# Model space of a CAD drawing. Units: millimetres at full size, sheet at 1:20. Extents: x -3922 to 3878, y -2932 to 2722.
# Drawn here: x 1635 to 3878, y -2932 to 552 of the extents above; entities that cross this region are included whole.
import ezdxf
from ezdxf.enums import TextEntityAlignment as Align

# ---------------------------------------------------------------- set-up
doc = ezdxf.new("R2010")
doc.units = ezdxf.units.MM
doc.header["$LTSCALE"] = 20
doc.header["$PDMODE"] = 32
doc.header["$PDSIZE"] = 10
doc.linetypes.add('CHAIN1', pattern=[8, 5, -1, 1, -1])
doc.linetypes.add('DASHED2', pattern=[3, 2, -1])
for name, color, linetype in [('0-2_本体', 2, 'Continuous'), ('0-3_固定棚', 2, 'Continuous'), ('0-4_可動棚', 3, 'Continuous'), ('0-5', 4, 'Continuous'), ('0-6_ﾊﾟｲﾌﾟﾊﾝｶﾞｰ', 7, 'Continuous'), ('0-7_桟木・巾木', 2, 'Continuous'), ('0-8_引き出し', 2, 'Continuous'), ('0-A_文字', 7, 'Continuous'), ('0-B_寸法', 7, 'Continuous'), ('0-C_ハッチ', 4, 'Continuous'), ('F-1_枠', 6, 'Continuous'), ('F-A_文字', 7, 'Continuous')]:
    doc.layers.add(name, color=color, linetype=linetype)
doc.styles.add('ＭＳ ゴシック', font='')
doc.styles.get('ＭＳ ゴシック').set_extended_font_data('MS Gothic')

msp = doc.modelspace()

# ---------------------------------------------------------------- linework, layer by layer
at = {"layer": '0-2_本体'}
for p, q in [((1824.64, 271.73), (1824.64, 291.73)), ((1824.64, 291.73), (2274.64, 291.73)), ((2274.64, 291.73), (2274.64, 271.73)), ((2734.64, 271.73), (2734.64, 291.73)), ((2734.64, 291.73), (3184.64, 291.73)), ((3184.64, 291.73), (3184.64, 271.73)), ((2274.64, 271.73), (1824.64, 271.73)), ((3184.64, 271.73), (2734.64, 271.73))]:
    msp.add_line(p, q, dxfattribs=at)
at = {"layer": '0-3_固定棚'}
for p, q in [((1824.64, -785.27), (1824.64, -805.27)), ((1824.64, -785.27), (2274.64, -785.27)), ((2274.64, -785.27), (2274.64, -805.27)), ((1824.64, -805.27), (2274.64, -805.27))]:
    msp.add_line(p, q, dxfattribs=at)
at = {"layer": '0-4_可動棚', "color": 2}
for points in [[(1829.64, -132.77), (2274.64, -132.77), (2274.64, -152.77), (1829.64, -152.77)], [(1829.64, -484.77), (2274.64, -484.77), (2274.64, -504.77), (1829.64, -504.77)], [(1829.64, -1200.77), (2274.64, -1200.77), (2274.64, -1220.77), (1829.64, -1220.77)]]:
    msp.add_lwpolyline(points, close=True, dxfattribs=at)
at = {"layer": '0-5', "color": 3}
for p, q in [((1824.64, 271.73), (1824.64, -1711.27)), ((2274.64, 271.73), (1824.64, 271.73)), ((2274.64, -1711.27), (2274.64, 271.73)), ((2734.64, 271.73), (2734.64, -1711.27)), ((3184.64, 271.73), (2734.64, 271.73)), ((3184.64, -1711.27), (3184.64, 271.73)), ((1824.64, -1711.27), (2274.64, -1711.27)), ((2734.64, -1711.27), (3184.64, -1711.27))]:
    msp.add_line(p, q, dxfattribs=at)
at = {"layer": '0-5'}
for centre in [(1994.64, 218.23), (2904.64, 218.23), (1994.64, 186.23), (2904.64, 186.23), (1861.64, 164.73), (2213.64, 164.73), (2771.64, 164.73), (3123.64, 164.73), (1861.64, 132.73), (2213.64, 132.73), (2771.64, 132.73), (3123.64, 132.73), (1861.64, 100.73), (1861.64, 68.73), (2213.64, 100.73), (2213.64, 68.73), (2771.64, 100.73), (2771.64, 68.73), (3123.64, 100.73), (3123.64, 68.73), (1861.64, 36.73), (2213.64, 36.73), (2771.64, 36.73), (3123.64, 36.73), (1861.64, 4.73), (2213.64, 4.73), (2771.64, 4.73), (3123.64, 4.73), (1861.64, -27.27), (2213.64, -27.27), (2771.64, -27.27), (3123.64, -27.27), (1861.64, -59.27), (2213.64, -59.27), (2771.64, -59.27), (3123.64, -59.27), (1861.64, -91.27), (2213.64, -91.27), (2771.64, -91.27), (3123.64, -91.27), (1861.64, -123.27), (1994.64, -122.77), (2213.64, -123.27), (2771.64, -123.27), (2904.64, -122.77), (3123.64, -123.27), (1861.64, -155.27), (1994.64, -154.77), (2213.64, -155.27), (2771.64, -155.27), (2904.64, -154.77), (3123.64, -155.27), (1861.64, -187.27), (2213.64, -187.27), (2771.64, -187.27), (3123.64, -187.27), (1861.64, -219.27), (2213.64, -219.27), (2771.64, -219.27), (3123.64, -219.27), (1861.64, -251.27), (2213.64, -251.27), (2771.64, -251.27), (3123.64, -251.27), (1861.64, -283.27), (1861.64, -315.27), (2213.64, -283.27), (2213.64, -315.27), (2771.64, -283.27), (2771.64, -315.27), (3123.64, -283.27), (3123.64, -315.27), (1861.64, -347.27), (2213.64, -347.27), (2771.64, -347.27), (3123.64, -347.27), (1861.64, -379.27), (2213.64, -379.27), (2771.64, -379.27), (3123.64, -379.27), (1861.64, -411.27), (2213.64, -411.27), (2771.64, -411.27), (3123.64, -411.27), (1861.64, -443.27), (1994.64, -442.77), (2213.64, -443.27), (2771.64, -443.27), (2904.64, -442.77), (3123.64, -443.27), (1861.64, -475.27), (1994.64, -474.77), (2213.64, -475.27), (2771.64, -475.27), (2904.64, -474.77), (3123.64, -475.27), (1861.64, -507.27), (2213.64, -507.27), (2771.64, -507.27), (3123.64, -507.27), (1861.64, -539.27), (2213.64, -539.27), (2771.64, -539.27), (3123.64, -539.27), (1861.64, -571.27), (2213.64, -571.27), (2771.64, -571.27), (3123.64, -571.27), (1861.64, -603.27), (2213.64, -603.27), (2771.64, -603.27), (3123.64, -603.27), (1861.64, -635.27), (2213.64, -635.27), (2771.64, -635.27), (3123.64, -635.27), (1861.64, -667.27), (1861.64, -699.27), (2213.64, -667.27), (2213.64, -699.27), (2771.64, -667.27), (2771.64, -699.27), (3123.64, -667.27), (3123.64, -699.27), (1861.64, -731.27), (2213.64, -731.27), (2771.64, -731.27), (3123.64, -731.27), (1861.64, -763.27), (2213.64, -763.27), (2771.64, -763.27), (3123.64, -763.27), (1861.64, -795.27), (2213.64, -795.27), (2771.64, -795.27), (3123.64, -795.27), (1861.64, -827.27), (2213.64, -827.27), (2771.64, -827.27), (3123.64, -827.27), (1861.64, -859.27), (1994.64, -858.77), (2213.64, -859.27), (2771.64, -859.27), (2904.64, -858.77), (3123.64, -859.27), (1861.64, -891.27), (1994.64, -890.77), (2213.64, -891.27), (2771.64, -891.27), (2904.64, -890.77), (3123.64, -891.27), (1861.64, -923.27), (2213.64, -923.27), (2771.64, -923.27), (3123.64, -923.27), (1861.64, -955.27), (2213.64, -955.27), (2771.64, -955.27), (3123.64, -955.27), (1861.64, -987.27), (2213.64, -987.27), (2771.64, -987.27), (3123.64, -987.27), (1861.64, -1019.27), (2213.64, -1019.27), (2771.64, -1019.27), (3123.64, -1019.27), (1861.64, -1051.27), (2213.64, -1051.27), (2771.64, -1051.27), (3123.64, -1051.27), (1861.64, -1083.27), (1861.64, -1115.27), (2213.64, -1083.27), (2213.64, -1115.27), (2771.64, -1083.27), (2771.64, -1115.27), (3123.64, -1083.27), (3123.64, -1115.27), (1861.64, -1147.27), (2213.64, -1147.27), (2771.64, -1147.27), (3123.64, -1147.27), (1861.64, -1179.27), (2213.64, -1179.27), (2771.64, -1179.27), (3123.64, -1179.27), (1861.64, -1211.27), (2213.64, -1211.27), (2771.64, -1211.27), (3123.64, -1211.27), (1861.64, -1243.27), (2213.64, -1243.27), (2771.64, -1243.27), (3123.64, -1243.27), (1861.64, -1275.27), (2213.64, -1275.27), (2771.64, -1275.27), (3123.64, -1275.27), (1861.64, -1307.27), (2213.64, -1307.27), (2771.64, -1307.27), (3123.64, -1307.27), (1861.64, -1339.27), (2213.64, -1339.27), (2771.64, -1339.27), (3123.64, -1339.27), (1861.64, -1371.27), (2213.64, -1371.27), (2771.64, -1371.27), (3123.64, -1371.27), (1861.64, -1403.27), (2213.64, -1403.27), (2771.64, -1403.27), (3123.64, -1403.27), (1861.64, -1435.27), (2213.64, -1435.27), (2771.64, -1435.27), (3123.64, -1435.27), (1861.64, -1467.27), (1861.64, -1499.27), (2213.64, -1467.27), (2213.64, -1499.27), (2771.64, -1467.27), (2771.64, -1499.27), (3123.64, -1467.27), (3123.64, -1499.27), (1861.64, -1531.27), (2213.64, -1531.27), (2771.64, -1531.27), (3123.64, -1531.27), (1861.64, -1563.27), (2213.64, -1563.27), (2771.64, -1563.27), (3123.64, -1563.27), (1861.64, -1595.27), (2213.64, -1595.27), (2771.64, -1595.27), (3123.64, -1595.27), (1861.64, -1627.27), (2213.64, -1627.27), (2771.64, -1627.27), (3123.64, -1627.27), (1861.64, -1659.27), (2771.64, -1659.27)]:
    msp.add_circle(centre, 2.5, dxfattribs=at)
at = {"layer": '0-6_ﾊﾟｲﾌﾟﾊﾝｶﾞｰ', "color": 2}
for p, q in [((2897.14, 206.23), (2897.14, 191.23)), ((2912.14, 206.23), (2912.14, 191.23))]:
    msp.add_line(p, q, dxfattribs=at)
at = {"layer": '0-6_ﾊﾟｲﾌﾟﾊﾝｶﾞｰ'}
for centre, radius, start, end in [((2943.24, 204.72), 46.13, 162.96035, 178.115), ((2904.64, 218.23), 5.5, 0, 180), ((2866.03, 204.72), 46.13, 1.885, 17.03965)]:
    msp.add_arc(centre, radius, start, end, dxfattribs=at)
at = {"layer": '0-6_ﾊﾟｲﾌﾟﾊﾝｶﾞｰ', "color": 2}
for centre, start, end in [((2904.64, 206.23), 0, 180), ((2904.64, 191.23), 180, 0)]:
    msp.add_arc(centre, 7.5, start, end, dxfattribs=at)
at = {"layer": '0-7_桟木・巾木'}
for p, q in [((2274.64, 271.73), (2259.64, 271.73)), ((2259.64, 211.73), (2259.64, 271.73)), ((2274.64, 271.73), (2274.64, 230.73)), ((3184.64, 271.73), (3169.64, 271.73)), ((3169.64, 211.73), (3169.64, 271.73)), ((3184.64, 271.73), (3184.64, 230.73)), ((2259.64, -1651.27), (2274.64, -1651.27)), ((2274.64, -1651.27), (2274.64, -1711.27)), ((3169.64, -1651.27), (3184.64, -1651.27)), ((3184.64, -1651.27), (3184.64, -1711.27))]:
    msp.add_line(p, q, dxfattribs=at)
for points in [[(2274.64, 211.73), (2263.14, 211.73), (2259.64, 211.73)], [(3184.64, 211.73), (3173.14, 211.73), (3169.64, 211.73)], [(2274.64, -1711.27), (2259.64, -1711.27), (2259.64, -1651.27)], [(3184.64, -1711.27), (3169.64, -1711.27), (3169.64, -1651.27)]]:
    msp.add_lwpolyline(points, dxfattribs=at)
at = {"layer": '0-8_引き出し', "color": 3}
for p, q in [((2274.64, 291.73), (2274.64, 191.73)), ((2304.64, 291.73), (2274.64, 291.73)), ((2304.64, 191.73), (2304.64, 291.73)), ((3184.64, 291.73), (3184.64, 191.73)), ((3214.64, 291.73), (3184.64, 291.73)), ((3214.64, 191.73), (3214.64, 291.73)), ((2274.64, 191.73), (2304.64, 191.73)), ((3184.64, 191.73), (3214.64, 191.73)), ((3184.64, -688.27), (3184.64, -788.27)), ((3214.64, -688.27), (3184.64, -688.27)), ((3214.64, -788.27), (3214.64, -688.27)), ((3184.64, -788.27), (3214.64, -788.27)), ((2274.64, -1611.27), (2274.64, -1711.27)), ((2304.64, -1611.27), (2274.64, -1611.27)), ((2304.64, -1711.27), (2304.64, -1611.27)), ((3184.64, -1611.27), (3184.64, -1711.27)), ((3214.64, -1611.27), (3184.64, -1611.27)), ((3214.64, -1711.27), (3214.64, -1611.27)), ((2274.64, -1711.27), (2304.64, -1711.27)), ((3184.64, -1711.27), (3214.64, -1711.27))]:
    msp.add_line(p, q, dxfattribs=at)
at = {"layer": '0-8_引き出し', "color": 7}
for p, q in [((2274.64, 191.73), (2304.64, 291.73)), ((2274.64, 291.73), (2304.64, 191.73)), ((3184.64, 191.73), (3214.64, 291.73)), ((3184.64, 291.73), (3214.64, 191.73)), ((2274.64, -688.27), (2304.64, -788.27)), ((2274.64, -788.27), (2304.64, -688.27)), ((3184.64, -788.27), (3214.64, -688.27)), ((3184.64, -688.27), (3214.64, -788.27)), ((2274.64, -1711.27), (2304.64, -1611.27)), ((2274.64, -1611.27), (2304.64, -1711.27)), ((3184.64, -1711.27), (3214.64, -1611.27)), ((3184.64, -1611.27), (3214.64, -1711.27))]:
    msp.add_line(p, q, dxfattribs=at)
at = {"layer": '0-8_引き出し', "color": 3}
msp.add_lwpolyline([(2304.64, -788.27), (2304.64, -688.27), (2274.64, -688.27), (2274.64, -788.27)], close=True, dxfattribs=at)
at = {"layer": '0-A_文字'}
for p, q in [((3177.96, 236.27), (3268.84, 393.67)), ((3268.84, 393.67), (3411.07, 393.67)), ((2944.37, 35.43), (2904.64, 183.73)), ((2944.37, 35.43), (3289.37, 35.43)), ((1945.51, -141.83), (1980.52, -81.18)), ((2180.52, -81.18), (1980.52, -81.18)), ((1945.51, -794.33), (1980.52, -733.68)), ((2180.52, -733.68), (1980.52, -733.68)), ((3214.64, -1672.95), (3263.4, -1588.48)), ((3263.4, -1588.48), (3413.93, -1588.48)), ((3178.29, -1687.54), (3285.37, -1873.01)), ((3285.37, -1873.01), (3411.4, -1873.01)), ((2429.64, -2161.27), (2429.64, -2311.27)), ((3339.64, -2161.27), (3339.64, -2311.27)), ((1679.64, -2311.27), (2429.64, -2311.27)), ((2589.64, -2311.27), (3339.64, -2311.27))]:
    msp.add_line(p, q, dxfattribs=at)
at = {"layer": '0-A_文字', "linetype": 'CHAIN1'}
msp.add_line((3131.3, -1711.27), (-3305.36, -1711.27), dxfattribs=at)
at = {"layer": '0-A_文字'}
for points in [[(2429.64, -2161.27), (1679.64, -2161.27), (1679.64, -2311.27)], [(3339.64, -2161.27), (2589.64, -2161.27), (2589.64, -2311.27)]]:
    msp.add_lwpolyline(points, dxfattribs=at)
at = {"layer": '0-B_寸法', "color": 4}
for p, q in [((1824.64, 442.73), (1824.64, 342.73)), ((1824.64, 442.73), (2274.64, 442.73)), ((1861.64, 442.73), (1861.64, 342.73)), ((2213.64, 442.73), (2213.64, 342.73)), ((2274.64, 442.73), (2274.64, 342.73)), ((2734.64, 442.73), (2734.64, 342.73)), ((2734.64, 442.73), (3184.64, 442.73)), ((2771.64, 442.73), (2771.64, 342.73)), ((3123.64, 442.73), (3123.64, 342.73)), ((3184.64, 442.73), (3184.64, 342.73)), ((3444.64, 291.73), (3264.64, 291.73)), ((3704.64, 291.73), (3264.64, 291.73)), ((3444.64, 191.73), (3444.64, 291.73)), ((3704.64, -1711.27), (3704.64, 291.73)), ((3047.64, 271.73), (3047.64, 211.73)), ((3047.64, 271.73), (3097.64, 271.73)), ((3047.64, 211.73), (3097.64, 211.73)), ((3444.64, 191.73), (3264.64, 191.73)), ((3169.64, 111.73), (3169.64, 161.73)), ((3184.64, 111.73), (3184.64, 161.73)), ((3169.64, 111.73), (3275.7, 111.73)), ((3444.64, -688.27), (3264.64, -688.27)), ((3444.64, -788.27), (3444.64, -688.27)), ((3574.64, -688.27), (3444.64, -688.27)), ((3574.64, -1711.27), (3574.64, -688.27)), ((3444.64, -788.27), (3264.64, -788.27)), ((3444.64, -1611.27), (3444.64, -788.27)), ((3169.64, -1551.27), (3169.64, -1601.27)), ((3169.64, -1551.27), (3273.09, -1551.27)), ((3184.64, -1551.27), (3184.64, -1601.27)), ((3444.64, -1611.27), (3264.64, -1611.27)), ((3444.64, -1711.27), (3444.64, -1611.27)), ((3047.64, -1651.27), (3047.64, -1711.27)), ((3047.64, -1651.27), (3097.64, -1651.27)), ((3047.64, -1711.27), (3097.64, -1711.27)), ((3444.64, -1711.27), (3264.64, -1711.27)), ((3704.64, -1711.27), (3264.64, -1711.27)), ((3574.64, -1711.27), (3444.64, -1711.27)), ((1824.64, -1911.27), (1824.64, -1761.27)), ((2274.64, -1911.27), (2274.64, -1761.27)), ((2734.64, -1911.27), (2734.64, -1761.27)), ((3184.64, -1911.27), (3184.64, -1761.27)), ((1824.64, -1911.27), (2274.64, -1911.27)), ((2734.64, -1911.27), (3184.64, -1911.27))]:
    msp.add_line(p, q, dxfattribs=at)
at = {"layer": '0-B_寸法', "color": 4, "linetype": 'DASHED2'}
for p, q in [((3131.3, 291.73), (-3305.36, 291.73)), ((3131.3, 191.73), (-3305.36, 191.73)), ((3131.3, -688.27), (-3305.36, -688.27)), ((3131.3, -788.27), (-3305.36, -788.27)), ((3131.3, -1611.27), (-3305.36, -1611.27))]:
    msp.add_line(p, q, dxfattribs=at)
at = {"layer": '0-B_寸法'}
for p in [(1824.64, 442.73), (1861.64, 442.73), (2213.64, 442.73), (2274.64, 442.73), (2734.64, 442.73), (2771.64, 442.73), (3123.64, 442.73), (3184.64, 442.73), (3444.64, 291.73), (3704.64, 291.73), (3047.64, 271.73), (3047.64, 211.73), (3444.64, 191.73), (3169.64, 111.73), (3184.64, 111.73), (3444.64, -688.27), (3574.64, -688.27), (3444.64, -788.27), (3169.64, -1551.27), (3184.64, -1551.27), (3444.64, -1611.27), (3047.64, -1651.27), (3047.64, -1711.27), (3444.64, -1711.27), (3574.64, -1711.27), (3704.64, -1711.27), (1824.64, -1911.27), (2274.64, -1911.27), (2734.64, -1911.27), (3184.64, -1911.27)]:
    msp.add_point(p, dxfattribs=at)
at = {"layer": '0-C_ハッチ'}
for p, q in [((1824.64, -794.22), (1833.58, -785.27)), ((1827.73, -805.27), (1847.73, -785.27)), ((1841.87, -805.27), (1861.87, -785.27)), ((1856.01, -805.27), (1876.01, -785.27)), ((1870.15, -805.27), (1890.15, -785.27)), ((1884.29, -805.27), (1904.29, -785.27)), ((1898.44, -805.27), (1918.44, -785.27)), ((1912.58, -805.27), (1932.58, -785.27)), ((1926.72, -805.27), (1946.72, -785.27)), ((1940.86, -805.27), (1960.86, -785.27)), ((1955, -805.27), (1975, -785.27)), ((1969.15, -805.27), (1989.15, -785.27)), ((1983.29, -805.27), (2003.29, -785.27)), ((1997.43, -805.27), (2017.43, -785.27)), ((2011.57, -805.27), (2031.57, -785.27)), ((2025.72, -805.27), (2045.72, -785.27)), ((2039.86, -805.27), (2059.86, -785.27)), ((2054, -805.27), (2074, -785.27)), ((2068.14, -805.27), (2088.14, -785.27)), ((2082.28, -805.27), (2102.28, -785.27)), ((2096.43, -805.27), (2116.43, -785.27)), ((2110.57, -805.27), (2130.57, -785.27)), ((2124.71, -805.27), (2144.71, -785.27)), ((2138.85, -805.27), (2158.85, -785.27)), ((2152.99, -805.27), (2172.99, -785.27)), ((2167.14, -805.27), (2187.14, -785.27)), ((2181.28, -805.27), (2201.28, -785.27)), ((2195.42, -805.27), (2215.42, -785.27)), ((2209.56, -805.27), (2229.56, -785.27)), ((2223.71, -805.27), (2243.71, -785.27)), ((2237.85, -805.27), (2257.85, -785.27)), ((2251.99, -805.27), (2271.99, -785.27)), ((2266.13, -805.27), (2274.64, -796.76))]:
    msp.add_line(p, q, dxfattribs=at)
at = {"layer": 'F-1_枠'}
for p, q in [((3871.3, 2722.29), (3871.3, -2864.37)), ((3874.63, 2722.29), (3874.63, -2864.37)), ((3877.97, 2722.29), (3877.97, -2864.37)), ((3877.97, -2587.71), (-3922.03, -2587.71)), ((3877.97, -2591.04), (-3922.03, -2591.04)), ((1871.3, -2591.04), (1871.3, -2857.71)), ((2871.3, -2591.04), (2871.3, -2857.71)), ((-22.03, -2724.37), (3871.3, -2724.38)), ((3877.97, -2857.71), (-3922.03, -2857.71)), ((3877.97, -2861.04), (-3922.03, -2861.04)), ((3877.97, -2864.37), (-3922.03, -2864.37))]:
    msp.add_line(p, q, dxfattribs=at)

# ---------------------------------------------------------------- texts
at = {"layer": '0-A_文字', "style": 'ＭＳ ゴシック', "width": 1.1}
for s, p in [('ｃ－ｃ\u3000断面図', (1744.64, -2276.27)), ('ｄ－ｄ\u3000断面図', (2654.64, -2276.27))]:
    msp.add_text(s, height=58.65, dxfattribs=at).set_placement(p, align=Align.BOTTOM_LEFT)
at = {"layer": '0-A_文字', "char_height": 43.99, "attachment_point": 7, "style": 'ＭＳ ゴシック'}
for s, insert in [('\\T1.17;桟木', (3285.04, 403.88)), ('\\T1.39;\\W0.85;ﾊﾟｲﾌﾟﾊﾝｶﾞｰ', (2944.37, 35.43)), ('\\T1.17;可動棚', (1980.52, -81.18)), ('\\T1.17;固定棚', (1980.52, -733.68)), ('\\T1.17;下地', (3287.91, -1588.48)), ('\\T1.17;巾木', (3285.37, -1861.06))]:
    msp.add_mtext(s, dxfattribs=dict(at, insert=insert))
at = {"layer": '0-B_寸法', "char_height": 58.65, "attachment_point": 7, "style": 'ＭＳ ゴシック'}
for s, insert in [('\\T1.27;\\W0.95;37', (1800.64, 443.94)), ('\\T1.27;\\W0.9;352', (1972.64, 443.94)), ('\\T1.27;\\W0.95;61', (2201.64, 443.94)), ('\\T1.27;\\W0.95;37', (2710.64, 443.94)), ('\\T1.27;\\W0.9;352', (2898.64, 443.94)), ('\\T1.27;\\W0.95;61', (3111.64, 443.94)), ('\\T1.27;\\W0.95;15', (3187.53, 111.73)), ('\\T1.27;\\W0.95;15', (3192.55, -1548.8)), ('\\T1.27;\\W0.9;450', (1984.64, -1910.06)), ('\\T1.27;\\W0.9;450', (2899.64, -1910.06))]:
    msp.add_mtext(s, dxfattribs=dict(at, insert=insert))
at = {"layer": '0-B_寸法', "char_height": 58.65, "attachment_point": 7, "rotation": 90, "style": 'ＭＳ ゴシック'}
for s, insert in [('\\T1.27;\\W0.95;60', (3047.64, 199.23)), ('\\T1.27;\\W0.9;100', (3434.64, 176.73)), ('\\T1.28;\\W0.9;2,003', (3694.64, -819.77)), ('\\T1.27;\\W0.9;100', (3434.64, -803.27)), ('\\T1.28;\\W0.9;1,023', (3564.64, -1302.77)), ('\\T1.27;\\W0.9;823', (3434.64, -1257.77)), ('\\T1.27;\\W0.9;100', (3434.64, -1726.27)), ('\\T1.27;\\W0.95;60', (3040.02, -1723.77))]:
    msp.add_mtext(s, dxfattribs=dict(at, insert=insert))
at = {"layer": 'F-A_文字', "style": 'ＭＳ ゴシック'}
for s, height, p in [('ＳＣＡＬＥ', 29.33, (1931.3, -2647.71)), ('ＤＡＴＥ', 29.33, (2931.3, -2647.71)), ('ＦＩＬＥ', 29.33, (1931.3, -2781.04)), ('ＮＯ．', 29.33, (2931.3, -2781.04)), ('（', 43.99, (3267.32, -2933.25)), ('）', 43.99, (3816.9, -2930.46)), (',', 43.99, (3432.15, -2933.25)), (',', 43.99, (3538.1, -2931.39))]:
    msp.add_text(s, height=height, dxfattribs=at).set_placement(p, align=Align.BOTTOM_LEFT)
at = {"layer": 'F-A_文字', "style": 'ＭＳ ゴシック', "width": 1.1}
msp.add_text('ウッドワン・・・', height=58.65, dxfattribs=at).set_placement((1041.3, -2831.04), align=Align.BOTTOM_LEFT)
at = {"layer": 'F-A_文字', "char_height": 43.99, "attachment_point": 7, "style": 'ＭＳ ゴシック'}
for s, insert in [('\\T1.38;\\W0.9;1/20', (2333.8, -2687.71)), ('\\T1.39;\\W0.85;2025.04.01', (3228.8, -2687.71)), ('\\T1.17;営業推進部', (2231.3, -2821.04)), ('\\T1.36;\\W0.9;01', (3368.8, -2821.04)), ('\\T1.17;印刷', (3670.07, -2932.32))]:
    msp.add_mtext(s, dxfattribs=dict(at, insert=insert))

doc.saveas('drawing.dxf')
....................
Activity: Where the string "pattern" turns up in a line of the data above, copy that whole line.

Response to this task:
doc.linetypes.add('CHAIN1', pattern=[8, 5, -1, 1, -1])
doc.linetypes.add('DASHED2', pattern=[3, 2, -1])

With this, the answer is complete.